I could see immediately which cells would render correctly (rows 1, 2, 4) and which wouldn’t (rows 3, 5). The diagnostic exposed the structural variation that was invisible in the rendered output. Without it, I was debugging blind — regenerate, open PowerPoint, squint, guess. With it, the fix was obvious within thirty seconds.

Every template-driven tool needs this kind of diagnostic primitive. It’s not a feature, it’s the floor. If you can’t see the structure of the template, you can’t reason about why your tool is or isn’t preserving it.

Takeaway

Template-guided synthesis is a small, sharp design discipline. It’s tempting to fight the metaphor — to add knobs and config and “inject” operations until the tool feels like a generator.
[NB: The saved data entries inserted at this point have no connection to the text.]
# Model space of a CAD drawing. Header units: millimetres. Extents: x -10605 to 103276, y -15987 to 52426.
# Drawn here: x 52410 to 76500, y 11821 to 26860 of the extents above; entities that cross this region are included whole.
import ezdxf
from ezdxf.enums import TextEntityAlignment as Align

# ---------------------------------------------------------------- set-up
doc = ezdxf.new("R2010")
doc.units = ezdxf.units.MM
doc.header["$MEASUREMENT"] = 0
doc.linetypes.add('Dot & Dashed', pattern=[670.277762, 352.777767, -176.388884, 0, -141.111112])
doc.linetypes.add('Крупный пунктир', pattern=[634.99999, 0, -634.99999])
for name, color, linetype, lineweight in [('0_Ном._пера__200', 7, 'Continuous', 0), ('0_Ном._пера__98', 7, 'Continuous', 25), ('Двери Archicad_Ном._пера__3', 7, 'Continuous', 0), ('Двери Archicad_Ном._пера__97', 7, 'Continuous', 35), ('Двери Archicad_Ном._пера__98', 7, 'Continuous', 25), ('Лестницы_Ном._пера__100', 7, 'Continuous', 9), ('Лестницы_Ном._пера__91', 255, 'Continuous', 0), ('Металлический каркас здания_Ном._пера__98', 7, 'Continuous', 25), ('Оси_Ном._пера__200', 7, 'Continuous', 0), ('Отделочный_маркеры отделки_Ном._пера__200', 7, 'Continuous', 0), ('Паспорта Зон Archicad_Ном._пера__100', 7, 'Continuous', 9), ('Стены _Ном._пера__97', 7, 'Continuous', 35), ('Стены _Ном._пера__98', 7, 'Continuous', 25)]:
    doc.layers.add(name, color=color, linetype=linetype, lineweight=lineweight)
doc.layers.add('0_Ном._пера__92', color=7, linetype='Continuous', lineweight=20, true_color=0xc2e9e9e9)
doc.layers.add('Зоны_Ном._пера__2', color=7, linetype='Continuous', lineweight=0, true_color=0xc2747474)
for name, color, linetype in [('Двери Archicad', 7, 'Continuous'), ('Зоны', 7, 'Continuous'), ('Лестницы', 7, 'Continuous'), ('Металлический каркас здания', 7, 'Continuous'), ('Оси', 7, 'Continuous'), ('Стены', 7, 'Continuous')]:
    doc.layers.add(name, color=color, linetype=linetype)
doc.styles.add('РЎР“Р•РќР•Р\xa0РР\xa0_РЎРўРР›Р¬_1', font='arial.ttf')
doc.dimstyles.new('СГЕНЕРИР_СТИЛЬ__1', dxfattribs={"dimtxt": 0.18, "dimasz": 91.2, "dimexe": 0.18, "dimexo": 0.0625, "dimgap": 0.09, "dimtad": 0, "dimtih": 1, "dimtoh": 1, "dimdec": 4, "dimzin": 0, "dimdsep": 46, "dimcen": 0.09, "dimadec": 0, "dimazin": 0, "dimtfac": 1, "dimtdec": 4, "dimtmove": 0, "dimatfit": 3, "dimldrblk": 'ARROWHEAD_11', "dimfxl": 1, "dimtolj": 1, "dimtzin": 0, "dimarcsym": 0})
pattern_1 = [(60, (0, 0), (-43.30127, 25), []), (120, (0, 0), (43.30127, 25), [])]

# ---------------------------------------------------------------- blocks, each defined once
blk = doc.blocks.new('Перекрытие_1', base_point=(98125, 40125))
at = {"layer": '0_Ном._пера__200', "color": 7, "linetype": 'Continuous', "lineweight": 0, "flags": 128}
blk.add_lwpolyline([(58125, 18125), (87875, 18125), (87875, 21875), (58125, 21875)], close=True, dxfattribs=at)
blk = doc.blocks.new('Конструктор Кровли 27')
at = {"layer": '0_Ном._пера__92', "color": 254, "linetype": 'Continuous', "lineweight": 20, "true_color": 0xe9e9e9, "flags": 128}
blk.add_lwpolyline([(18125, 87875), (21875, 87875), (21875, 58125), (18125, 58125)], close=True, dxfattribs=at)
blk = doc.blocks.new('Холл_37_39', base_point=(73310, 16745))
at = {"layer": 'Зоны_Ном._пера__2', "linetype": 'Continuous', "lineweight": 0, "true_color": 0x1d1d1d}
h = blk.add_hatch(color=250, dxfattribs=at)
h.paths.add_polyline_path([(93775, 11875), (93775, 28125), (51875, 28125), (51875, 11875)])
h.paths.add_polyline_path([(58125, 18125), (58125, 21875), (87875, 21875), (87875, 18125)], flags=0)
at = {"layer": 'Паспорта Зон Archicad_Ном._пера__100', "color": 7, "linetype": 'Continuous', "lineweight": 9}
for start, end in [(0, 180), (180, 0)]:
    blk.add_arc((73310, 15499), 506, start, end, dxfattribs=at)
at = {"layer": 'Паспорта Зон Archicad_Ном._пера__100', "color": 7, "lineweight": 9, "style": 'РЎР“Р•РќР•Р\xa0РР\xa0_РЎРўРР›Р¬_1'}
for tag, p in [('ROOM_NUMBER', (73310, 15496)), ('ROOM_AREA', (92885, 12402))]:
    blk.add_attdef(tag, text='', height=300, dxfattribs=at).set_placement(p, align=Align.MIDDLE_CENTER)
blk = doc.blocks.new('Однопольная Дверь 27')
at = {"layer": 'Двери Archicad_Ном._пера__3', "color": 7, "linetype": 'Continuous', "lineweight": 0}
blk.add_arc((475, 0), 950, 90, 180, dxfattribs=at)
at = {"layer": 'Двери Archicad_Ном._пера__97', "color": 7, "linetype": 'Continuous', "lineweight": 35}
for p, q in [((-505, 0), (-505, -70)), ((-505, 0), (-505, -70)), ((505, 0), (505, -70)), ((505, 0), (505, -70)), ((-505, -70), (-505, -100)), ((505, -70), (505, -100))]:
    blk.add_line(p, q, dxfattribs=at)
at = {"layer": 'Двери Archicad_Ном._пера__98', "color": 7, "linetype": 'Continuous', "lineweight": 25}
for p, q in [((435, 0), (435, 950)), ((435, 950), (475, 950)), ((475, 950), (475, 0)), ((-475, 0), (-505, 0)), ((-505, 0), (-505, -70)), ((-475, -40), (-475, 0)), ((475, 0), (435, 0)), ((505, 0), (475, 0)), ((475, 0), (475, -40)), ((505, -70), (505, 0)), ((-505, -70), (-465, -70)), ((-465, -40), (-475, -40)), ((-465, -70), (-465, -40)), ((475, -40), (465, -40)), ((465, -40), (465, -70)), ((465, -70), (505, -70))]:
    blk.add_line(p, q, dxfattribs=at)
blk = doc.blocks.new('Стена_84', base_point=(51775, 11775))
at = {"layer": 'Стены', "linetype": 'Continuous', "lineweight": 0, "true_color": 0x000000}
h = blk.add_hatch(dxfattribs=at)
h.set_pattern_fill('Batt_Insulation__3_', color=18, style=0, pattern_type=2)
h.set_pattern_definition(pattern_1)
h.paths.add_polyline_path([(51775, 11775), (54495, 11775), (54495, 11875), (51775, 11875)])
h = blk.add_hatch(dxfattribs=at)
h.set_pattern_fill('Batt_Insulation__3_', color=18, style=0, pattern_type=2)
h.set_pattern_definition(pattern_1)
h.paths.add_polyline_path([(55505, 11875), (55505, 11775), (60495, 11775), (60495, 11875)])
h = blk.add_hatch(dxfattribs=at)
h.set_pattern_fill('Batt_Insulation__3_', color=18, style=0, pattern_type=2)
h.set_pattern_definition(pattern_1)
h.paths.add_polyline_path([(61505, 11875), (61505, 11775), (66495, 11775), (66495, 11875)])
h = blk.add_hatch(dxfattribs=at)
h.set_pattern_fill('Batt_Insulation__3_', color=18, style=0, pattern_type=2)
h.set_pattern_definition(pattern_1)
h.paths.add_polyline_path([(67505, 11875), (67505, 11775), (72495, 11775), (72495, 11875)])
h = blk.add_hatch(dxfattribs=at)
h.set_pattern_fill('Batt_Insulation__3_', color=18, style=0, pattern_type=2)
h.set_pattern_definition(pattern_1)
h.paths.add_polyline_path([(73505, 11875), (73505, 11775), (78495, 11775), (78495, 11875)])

That path produces fragile tools that break on every new template.

The opposite discipline works better: trust the template, walk its structure, overwrite text content in-place, and surface diagnostics so the template’s structure is visible to the human doing the authoring. The template is the schema. The tool’s job is to preserve it, not replace it.

Seven PyPI releases in one afternoon is what it takes when you’re learning this in real time. The next template I hit, I’ll know to inspect the XML first, fix the template second, and only touch the tool code if the template’s already disciplined and something genuinely structural needs new primitives.

The tool: recombinase on PyPI. Public, MIT, personal infrastructure. Not a product — just an author who got tired of manually editing consultant CVs and built a template-guided pptx synthesiser that eventually learned to preserve bold+italic+soft-break cells without losing anyone’s font size to the default.